Airport Extreme: update dynamic hostname through BIND

If you are the owner of an Apple Airport Extreme base station, you may have wondered if it is possible to assign a static hostname to your dynamically changing ADSL IP address. Many other routers offer this feature through one of the popular dynamic DNS services such as DynDNS. Apple however decided not to support the proprietary interfaces of those commercial services, but instead use a generic approach as described in RFC 2136 Dynamic Updates in the Domain Name System (DNS UPDATE).

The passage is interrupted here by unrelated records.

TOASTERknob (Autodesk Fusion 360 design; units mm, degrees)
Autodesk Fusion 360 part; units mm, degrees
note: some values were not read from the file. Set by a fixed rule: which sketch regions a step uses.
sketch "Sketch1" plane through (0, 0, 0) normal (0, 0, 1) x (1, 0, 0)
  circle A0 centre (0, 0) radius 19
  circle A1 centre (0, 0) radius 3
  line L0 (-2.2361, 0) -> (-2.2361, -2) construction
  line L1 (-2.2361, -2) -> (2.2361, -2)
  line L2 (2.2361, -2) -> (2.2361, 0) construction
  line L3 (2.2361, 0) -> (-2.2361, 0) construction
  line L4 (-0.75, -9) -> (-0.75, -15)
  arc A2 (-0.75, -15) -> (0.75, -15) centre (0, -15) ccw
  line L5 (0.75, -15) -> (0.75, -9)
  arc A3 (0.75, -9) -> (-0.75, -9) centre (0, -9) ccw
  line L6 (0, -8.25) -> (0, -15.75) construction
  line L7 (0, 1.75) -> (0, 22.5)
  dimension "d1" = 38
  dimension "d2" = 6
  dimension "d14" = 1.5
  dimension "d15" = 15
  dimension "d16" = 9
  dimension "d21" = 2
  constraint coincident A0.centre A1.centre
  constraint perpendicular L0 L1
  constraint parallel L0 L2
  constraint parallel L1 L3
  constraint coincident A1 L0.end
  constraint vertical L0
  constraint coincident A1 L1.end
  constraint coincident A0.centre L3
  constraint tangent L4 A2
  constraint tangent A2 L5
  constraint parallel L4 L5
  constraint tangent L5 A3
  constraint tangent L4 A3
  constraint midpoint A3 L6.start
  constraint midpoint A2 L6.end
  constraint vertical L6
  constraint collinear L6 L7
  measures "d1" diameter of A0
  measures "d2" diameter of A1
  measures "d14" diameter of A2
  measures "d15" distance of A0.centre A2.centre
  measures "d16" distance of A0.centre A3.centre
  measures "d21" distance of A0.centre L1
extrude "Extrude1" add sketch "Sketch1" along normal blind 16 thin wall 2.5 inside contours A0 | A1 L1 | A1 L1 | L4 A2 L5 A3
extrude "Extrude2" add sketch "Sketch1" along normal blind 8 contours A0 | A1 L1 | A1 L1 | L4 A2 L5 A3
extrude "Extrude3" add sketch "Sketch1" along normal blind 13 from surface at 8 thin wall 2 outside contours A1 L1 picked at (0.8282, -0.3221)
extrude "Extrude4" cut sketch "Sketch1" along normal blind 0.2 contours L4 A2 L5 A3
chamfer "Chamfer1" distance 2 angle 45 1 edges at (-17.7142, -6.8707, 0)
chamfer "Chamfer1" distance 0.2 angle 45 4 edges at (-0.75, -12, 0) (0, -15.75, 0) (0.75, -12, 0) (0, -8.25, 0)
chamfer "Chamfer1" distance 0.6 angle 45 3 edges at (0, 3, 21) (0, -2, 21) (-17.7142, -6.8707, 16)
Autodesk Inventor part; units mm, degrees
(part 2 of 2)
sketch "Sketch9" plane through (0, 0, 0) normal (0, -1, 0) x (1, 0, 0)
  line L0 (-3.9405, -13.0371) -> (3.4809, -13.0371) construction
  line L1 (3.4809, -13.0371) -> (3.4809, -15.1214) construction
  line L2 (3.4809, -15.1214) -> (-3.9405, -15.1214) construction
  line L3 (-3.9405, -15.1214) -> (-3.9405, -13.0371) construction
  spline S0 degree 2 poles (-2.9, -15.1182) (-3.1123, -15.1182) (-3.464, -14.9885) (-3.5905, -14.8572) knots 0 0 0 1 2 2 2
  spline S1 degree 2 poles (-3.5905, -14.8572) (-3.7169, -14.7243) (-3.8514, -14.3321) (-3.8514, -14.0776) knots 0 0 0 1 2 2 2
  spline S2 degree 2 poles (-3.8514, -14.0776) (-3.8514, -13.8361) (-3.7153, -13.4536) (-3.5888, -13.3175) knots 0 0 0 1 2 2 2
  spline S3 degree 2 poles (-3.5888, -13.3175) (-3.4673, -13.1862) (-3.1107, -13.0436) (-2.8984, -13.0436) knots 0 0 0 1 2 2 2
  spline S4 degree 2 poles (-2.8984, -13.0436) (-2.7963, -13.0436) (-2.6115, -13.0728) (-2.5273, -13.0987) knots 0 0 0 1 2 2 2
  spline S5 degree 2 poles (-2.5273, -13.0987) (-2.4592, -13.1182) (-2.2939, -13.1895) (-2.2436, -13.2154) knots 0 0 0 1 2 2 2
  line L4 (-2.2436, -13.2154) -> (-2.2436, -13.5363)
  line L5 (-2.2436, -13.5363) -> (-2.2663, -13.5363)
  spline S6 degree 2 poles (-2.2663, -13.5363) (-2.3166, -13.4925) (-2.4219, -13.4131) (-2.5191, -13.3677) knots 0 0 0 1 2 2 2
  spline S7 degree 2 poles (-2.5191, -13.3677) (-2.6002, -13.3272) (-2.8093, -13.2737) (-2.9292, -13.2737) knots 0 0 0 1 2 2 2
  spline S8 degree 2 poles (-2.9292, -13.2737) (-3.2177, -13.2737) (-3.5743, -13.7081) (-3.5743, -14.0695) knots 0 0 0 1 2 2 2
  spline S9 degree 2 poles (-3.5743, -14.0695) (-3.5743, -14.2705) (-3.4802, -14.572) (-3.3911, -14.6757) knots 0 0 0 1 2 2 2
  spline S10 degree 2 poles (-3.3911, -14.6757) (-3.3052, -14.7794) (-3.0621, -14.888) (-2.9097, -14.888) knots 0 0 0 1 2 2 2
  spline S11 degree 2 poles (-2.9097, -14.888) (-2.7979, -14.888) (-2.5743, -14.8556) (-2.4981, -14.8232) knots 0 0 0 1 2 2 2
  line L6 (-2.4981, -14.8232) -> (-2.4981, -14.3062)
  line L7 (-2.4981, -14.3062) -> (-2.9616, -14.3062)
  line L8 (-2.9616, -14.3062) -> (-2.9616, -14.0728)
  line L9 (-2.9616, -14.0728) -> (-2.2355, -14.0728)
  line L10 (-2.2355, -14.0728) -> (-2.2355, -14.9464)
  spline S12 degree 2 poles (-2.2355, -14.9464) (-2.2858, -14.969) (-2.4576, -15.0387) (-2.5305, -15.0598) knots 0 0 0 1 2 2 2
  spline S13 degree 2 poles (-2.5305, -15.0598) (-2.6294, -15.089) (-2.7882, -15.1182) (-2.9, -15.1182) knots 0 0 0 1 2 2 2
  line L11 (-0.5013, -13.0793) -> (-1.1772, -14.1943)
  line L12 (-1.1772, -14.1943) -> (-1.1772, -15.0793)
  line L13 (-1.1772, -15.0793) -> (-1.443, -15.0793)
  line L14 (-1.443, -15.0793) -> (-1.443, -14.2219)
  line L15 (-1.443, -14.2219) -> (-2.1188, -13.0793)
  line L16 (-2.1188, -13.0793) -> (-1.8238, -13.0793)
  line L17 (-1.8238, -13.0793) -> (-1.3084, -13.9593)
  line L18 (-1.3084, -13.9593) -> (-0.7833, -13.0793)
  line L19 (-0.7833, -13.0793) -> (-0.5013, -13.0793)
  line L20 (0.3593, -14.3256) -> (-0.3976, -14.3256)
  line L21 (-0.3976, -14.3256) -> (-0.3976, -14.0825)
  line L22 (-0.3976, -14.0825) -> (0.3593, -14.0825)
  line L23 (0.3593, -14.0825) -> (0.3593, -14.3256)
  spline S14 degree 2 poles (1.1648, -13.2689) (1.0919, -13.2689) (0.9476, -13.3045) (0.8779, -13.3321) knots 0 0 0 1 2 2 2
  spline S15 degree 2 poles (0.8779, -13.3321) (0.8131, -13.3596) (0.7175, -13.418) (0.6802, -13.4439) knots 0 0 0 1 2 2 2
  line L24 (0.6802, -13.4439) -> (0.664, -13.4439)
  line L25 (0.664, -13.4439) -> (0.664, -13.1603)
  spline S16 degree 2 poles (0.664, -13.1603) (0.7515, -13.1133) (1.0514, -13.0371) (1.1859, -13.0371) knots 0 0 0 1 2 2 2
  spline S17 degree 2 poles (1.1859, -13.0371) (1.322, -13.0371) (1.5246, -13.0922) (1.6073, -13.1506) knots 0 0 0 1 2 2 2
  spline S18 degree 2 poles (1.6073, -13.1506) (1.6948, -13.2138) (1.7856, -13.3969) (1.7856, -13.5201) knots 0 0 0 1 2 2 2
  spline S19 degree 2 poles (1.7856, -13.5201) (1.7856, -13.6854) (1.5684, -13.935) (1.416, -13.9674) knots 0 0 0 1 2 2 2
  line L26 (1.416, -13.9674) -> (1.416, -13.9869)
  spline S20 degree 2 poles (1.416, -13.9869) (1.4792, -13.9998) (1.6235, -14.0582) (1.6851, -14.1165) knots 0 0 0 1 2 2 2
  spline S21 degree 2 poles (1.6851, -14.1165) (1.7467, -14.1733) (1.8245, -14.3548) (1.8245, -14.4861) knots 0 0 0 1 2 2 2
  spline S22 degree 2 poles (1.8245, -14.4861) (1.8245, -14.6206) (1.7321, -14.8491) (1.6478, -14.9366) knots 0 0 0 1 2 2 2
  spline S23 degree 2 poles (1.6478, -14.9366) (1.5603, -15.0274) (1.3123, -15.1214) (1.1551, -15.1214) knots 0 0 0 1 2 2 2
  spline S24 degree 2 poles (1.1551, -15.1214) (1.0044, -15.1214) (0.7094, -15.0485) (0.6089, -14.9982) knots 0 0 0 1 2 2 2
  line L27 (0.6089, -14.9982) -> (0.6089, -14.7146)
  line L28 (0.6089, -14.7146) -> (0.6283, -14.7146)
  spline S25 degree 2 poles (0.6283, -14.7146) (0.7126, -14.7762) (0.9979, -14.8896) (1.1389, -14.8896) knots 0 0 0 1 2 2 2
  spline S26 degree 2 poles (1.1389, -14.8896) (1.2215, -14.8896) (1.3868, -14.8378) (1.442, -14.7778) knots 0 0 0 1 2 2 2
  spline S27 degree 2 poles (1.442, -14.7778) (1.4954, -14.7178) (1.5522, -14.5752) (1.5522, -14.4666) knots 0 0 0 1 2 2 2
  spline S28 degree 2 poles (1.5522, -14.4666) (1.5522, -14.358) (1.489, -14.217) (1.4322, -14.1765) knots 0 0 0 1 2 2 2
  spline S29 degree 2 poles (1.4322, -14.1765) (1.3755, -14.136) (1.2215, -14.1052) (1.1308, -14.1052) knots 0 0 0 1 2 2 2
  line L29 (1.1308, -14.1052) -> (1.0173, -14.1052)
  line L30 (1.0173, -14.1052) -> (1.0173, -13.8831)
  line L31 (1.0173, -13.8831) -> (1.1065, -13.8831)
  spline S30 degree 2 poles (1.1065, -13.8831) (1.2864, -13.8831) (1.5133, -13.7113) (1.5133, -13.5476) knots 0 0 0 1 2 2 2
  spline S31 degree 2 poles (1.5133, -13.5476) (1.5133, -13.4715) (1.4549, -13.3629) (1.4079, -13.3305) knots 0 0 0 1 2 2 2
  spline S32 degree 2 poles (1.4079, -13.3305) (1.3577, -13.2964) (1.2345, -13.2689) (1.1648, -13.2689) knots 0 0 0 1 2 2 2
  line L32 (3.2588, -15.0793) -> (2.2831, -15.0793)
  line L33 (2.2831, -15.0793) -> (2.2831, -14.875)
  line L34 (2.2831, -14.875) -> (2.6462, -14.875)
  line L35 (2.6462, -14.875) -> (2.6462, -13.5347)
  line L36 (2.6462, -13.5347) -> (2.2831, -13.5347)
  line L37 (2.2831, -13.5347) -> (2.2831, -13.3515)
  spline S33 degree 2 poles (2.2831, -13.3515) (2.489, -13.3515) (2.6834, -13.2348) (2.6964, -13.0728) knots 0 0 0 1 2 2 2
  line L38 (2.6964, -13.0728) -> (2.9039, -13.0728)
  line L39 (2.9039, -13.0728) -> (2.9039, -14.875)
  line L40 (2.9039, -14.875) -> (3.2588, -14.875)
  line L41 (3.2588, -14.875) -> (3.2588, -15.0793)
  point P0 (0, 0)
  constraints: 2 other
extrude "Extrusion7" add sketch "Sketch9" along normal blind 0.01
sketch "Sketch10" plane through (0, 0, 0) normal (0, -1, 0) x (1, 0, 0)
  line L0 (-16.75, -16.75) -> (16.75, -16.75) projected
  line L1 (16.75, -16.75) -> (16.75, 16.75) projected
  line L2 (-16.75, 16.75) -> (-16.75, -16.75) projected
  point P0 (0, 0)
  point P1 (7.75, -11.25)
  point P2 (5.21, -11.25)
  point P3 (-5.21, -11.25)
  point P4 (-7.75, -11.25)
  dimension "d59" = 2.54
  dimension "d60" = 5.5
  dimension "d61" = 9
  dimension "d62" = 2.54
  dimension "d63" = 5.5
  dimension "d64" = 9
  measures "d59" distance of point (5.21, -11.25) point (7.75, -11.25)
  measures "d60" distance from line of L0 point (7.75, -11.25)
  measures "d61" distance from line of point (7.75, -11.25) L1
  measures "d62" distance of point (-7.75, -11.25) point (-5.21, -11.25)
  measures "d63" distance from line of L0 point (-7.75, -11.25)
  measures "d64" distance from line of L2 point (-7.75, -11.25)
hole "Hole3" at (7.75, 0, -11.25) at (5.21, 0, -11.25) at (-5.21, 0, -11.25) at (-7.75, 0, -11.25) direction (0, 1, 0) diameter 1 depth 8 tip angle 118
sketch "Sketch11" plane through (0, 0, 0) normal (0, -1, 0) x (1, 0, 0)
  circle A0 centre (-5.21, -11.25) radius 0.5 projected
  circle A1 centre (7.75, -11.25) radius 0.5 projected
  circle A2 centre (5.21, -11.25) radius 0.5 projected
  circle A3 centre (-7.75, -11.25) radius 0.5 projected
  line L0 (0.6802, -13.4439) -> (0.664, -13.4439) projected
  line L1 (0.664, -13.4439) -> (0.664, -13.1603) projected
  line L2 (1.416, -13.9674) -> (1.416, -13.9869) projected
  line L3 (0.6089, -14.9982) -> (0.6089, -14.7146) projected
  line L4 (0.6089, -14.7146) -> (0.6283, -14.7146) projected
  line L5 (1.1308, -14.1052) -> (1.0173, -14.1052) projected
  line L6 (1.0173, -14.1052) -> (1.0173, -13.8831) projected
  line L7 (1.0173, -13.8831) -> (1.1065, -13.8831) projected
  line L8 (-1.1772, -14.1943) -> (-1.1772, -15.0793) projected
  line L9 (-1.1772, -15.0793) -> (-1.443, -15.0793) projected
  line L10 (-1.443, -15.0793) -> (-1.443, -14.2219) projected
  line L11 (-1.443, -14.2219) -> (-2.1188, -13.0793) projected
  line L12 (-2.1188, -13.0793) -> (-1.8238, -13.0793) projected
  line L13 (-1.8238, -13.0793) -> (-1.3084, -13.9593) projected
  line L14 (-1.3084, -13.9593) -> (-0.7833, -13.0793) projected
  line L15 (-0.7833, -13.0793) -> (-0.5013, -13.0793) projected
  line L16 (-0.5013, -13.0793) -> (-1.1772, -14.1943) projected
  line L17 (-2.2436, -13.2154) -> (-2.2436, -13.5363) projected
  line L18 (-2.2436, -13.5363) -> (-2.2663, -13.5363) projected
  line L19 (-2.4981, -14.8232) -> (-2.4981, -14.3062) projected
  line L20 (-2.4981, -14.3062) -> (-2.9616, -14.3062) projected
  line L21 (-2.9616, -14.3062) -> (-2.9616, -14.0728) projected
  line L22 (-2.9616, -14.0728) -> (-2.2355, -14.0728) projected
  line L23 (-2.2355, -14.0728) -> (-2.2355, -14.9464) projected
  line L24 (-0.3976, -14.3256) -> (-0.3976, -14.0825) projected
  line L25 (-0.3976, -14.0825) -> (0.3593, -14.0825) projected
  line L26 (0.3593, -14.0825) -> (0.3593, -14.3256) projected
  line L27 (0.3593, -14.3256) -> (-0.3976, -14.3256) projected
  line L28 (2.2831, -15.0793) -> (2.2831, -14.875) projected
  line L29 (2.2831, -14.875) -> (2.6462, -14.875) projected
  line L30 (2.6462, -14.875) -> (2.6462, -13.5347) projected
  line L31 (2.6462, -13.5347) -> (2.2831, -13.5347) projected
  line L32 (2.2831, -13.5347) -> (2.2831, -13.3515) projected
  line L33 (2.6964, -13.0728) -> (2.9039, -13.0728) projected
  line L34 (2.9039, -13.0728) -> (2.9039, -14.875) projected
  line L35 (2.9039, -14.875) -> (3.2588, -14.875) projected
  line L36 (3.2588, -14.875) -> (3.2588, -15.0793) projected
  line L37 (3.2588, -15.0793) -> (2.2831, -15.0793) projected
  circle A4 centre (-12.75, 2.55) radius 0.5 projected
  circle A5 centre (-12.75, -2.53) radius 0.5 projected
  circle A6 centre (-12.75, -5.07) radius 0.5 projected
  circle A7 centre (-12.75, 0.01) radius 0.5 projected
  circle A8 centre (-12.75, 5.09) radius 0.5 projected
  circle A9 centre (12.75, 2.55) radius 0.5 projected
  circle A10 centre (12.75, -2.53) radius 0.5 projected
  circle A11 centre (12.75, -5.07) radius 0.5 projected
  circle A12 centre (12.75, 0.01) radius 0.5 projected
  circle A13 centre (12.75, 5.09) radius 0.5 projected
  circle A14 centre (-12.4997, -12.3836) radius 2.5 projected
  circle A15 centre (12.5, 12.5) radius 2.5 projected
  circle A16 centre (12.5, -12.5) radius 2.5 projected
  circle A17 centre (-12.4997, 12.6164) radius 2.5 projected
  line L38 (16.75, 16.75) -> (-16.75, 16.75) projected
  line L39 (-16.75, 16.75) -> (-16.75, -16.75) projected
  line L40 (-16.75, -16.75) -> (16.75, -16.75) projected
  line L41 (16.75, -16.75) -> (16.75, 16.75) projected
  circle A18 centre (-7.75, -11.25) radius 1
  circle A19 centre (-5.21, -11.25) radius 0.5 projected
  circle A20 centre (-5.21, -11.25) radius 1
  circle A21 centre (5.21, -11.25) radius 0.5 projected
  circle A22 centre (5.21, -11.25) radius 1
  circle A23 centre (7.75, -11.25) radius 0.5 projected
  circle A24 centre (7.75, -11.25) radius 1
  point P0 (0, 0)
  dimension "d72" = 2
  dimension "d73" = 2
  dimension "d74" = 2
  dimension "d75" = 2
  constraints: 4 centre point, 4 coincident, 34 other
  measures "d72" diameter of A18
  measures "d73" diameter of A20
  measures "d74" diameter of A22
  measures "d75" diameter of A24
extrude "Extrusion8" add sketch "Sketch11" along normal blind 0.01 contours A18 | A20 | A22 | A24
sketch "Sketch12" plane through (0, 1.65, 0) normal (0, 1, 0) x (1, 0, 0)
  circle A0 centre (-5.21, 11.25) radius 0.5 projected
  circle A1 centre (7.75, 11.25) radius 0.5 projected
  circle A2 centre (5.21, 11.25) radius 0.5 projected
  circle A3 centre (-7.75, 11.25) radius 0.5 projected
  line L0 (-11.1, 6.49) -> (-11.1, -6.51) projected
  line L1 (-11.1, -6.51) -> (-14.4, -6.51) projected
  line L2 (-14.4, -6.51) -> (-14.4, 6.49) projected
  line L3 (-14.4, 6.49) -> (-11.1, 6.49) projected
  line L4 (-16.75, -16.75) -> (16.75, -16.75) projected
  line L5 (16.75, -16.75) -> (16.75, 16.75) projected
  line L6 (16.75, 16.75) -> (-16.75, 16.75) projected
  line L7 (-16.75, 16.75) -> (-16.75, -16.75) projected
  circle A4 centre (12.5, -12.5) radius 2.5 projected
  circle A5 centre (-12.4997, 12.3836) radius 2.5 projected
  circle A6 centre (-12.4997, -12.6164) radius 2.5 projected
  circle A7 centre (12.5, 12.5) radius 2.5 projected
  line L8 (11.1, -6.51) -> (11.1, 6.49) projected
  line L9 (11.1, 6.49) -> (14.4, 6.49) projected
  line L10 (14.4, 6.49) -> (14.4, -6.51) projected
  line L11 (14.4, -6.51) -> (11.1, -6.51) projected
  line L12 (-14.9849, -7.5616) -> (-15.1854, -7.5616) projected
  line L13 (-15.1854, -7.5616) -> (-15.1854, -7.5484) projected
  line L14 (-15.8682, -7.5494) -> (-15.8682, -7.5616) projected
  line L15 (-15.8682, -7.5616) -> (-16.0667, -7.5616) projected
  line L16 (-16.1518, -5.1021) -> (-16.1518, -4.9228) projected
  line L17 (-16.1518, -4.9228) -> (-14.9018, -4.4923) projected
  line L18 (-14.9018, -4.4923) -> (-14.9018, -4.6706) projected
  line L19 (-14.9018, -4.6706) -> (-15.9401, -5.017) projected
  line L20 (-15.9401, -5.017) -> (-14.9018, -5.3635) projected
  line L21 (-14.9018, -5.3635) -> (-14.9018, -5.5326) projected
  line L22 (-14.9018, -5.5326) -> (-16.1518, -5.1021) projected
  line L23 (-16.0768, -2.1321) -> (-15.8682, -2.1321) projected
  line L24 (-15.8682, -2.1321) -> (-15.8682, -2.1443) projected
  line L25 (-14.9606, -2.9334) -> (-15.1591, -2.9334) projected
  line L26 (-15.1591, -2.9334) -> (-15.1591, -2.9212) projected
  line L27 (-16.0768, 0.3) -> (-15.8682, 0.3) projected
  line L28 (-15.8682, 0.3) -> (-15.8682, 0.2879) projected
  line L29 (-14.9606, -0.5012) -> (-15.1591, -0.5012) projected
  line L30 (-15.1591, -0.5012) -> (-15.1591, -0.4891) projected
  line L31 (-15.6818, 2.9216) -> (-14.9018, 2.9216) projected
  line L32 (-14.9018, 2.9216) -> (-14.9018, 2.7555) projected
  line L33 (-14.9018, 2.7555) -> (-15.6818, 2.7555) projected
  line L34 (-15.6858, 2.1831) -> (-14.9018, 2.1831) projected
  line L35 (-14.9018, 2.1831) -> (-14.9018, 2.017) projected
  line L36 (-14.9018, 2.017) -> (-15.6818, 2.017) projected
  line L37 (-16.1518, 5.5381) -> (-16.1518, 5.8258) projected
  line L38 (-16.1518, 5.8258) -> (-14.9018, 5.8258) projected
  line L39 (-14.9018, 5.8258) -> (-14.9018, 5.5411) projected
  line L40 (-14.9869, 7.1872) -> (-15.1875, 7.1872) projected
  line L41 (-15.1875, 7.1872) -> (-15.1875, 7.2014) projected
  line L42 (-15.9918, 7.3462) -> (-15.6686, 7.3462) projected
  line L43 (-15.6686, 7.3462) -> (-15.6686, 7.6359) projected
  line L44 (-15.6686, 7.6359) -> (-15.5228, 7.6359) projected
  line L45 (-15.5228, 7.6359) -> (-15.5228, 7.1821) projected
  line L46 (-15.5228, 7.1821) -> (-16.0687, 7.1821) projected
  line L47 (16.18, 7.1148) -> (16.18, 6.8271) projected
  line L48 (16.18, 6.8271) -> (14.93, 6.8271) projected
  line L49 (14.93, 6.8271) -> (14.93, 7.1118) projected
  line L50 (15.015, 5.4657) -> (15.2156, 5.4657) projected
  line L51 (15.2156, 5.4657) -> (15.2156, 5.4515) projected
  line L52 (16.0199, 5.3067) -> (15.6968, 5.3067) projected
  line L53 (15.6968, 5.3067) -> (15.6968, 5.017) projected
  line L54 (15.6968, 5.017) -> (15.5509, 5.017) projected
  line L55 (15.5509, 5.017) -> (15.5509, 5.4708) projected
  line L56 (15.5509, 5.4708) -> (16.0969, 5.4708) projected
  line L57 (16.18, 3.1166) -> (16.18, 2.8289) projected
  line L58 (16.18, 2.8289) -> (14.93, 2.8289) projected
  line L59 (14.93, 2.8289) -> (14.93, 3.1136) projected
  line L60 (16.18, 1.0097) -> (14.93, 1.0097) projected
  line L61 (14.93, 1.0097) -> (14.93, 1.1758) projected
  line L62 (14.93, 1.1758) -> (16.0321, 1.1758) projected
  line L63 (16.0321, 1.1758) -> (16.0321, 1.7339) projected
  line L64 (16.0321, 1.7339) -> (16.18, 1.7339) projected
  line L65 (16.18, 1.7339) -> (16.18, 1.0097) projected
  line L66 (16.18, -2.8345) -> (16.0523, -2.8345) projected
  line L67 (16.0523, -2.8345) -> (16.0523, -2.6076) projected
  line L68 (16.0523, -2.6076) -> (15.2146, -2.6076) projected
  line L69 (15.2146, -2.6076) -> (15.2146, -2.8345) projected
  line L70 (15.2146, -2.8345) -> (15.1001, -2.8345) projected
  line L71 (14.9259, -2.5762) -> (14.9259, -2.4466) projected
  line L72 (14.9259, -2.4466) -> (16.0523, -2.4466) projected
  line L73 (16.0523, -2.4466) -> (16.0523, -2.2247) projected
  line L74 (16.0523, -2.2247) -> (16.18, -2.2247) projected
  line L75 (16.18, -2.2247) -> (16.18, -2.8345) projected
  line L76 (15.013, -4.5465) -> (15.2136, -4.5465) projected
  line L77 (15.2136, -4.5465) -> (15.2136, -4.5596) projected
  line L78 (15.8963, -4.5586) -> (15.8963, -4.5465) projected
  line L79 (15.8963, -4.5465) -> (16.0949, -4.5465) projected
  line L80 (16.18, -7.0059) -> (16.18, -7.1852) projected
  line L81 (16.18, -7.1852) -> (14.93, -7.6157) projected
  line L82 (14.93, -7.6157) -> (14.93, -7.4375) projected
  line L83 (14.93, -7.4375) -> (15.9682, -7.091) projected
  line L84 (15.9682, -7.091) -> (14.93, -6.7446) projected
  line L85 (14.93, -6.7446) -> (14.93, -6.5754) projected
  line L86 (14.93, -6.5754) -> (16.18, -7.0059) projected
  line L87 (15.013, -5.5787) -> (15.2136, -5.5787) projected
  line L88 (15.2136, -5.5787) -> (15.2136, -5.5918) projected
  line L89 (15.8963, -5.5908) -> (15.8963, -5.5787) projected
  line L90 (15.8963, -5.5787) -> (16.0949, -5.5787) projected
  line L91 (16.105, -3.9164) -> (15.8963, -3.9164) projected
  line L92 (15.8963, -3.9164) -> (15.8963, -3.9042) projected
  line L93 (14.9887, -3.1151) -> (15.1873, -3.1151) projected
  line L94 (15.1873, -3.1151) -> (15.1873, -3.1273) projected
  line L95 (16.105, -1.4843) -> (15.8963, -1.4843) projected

Here’s how you can use this feature.

Requirements:

• Apple Airport Extreme Base Station
• Airport Utility version 5.6 (the DNS update feature is not accessible in 6.0+)
• a domain name where you can choose your own nameserver (most domain sellers allow this)
• a (Linux) server running BIND9 on a static IP address

Setup

• for this setup I assume that your Linux box has the static hostname mybox.com on IP address 46.19.92.98. The domain name you want to use for your airport extreme is airport.mydomain.com. This means mydomain.com is owned by you and has its nameserver set to mybox.com.
• Install BIND version 9 on your Linux server (e.g. “sudo apt-get install bind9”) and create a zone file for your domain. You can put it in /etc/bind/zones/mydomain.com.db and make it look like this:

$ORIGIN .
$TTL 86400	; 1 day
mydomain.com		IN SOA	mybox.com. mailaddress.gmail.com. (
				2012060524 ; serial
				28800      ; refresh (8 hours)
				7200       ; retry (2 hours)
				864000     ; expire (1 week 3 days)
				86400      ; minimum (1 day)
				)
			NS	mybox.com.
			A	46.19.92.98
			MX	10 mydomain.com.
$ORIGIN mydomain.com.
*			A	46.19.92.98
$ORIGIN _dns-sd._udp.mydomain.com.
b			PTR	mydomain.com.
db			PTR	mydomain.com.
dr			PTR	mydomain.com.
lb			PTR	mydomain.com.
r			PTR	mydomain.com.
$ORIGIN _udp.mydomain.com.
_dns-update		SRV	0 0 53 mybox.com.

• google for some BIND tutorials if you need more information on the zone file configuration
• make sure port 53 UDP is open in your Linux box’s firewall
• create a RNDC key. This is the “password” used to update your DNS zone. Run “rndc-confgen -a -c /etc/bind/rndc.key”
• add the following to your /etc/bind/named.conf.local:

include "/etc/bind/rndc.key";
zone "mydomain.com" {
      type master;
      file "/etc/bind/zones/mydomain.com.db";
      update-policy {
        grant rndc-key name airport.mydomain.com A;
      };
};

• ensure that your zone file and the named.conf.local have permissions -rw-r–r– and are owned by root, group bind.
• on Ubuntu 12.04 I had to edit the file /etc/apparmor.d/usr.sbin.named and change the line “/etc/bind/zones/** r,” to “/etc/bind/zones/** rw,”
• restart apparmor and bind
• check the syslog for any bind errors
• if you’ve just changed the nameserver of domain.com to mybox.com, it may take 24h or more for this update to reach your provider’s DNS cache
• check your nameserver configuration with “dig”. “dig a domain.com” should give you an answer section with your Linux box’s IP address. “dig ns domain.com” should return mybox.com. “dig PTR b._dns-sd._udp.domain.com” should return domain.com.
• when everything works as expected, we can now configure Airport Extreme. Open “Airport Utility 5.6”, choose the “base station” tab and click “Edit…”. Configure it as in the screenshot below. The password is the “secret” as mentioned inside your rndc.key file. Enter it without the quotes.

• click “Done” and “Update”. Your Airport Extreme should update the DNS A record for airport.domain.com every 15 minutes. In your syslog it looks like this:

Jun 11 07:15:07 alderaan named[31953]: client 40.224.233.149#5353: updating zone 'domain.com/IN': deleting rrset at 'airport.domain.com' A
Jun 11 07:15:07 alderaan named[31953]: client 40.224.233.149#5353: updating zone 'domain.com/IN': adding an RR at 'airport.domain.com' A

• you can now reach your home network from anywhere through the hostname “airport.domain.com”. Success!!